The problem with this kind of testing is that the margin for error may be greater than the gains/losses of the spoiler, But by all means do the experiment and report your findings, It will be interesting if it is actually counter to what it technically should be. 

Obviously more runs is better, but maybe you will see something in 3 runs, but it would be hard to rule out other things based on that number. Unless of course the difference is significant.

Something else to consider, When you remove the spoiler, put it inside the car (on the rear seat or something) so you have like for like mass. This way you are changing only the aerodynamics and nothing else as far as possible.


----------



## [email protected] (Nov 16, 2010)

Make sure you also do not have anything to eat, or go for a dump btw runs LOL 
Im sure it wont come down to splitting hairs 
kk


----------



## Sidious (Jul 14, 2006)

Marky_GTSt said:


> The problem with this kind of testing is that the margin for error may be greater than the gains/losses of the spoiler, But by all means do the experiment and report your findings, It will be interesting if it is actually counter to what it technically should be.
> 
> Obviously more runs is better, but maybe you will see something in 3 runs, but it would be hard to rule out other things based on that number. Unless of course the difference is significant.
> 
> Something else to consider, When you remove the spoiler, put it inside the car (on the rear seat or something) so you have like for like mass. This way you are changing only the aerodynamics and nothing else as far as possible.


If the stock spoiler is a drag reducing part, then SVM has effectively claimed to have defied physics. Although most UK tuners tend to behave this way.

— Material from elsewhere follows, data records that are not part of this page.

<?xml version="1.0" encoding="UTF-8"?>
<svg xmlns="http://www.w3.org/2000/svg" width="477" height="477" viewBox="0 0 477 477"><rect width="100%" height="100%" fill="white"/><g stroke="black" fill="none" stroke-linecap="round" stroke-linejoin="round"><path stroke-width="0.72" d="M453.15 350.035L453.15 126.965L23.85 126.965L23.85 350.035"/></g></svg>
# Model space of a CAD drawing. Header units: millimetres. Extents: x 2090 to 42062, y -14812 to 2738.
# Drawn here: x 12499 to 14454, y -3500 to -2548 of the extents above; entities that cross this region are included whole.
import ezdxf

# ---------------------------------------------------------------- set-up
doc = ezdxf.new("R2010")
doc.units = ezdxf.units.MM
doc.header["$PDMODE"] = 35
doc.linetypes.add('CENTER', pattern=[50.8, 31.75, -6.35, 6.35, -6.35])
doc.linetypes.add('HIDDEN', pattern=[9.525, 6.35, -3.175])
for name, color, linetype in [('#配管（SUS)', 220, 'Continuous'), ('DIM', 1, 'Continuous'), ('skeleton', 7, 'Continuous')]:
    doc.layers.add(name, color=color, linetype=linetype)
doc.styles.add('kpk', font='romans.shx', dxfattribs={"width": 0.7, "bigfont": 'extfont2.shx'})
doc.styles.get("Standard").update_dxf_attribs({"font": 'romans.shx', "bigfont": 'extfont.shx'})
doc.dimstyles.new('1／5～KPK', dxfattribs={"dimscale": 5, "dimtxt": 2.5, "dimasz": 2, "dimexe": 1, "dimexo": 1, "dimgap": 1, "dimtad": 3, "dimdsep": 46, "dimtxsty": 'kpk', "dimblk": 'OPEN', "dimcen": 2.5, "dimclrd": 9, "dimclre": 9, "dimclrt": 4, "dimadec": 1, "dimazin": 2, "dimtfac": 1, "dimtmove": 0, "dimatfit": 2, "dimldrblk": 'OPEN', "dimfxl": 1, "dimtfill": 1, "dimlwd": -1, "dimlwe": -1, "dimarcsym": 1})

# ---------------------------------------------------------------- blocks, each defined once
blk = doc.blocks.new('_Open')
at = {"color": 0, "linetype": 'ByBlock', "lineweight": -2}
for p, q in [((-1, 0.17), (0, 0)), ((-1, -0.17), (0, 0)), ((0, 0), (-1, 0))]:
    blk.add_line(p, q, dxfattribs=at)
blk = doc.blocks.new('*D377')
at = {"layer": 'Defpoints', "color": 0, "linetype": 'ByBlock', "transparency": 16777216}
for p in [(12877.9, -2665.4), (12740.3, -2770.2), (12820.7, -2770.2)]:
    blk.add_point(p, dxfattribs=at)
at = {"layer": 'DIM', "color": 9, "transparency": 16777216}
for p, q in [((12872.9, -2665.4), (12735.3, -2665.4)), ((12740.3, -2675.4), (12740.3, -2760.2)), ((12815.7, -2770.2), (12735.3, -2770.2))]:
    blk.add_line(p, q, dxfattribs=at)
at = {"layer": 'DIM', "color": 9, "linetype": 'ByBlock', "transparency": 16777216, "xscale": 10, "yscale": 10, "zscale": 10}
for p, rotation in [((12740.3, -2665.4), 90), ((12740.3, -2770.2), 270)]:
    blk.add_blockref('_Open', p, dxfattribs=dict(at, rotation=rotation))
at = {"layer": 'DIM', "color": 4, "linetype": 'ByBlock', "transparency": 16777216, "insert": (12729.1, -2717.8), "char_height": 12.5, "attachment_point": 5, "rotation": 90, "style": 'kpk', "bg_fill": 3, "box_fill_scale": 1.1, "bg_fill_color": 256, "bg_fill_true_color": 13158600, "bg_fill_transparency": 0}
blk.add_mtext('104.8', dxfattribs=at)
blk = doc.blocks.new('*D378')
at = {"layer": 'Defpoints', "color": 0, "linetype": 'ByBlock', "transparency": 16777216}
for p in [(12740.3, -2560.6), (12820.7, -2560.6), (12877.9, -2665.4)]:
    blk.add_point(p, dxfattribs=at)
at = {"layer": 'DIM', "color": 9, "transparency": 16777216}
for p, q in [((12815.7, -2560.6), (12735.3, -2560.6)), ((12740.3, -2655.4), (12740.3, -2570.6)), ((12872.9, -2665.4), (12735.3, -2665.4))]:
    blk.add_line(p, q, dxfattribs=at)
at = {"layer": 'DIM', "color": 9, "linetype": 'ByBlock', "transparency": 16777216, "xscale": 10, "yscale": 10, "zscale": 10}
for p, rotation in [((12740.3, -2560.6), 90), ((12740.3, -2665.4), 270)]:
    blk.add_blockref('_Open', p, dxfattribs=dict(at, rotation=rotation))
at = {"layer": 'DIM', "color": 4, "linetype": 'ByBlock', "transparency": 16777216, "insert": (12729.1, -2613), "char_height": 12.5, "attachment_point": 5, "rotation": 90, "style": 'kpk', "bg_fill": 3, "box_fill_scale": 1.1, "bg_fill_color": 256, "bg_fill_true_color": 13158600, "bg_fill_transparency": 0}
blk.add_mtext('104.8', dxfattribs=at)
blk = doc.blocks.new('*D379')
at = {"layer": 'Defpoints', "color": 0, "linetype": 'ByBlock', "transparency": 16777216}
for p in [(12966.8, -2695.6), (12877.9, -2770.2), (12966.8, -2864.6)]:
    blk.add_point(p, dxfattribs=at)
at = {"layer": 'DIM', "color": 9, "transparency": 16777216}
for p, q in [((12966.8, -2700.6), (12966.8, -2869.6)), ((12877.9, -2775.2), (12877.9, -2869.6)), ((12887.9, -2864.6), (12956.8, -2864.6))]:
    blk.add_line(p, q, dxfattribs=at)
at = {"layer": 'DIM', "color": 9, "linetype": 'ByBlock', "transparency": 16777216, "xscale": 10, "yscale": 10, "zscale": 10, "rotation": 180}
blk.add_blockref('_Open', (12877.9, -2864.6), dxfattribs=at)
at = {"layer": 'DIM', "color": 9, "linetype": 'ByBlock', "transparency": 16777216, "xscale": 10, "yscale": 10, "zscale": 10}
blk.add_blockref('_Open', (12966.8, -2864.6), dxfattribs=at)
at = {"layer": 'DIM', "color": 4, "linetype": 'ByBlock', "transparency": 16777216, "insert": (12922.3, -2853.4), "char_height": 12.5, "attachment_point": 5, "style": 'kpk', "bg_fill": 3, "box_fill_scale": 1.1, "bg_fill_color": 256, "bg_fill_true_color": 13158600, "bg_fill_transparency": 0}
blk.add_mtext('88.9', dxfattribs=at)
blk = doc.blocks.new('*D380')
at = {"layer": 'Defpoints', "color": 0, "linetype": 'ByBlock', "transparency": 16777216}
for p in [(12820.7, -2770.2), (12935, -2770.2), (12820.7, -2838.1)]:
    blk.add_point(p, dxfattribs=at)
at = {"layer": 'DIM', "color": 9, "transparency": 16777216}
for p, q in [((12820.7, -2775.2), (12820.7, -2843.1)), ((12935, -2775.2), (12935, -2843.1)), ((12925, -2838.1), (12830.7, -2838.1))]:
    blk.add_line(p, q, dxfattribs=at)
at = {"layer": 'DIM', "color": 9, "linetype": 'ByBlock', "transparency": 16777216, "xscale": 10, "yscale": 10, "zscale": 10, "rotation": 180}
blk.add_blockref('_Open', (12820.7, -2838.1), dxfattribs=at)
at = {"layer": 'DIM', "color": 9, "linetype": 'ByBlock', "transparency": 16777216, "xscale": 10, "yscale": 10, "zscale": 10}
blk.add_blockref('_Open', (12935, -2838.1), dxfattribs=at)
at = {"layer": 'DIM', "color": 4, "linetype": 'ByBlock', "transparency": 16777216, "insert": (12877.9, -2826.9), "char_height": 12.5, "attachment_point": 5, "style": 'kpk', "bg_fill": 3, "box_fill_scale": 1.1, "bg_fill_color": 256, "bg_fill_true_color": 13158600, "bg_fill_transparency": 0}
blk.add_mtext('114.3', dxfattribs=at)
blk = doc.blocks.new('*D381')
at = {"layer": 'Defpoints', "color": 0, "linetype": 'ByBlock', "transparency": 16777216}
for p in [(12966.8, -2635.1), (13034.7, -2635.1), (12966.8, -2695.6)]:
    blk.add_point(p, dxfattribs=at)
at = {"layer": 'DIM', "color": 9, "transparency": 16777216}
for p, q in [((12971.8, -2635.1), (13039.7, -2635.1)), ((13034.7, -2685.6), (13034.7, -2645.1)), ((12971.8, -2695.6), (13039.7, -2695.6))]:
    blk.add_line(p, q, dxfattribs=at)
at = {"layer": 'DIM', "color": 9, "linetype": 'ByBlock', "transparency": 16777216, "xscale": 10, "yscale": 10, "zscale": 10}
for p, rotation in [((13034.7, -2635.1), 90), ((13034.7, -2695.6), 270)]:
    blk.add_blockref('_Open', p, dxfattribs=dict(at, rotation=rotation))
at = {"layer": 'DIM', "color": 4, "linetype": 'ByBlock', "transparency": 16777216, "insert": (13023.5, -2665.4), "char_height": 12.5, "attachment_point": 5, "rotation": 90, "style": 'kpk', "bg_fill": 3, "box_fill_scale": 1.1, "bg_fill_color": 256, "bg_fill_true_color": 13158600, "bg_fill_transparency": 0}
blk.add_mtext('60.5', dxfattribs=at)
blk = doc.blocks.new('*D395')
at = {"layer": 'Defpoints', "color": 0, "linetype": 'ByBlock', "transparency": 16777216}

Just like how Dynamo can 'walk on water' - it's all an illusion or a big fib.


----------



## Marky_GTSt (Dec 31, 2005)

[email protected] said:


> Make sure you also do not have anything to eat, or go for a dump btw runs LOL
> Im sure it wont come down to splitting hairs
> kk


It was just a thought  

At what speed did you find the 2 - 3 mph difference ?

I think just making sure fuel load is similar at the start of both tests should be enough. There is only so much can be done in real world tests afterall...

As a computer programmer I get the luxury of being able to test things millions of times in exactly identical conditions, So making code run fast is rather easier than cars


----------



## rasored (Apr 5, 2009)

Anders_R35 said:


> Where did you read that, the article below shows 24KG downforace at 245Km/h, granted that will be better for the DBA?
> 
> http://www.suzukaracing.com/GTR page/racetoroadgtr.pdf



2009 Nissan GT-R - First Drive Review - Car Reviews - Car and Driver


----------



## mags993tt (Feb 3, 2011)

Marky_GTSt said:


> The problem with this kind of testing is that the margin for error may be greater than the gains/losses of the spoiler, But by all means do the experiment and report your findings, It will be interesting if it is actually counter to what it technically should be.
> 
> Obviously more runs is better, but maybe you will see something in 3 runs, but it would be hard to rule out other things based on that number. Unless of course the difference is significant.
> 
> Something else to consider, When you remove the spoiler, put it inside the car (on the rear seat or something) so you have like for like mass. This way you are changing only the aerodynamics and nothing else as far as possible.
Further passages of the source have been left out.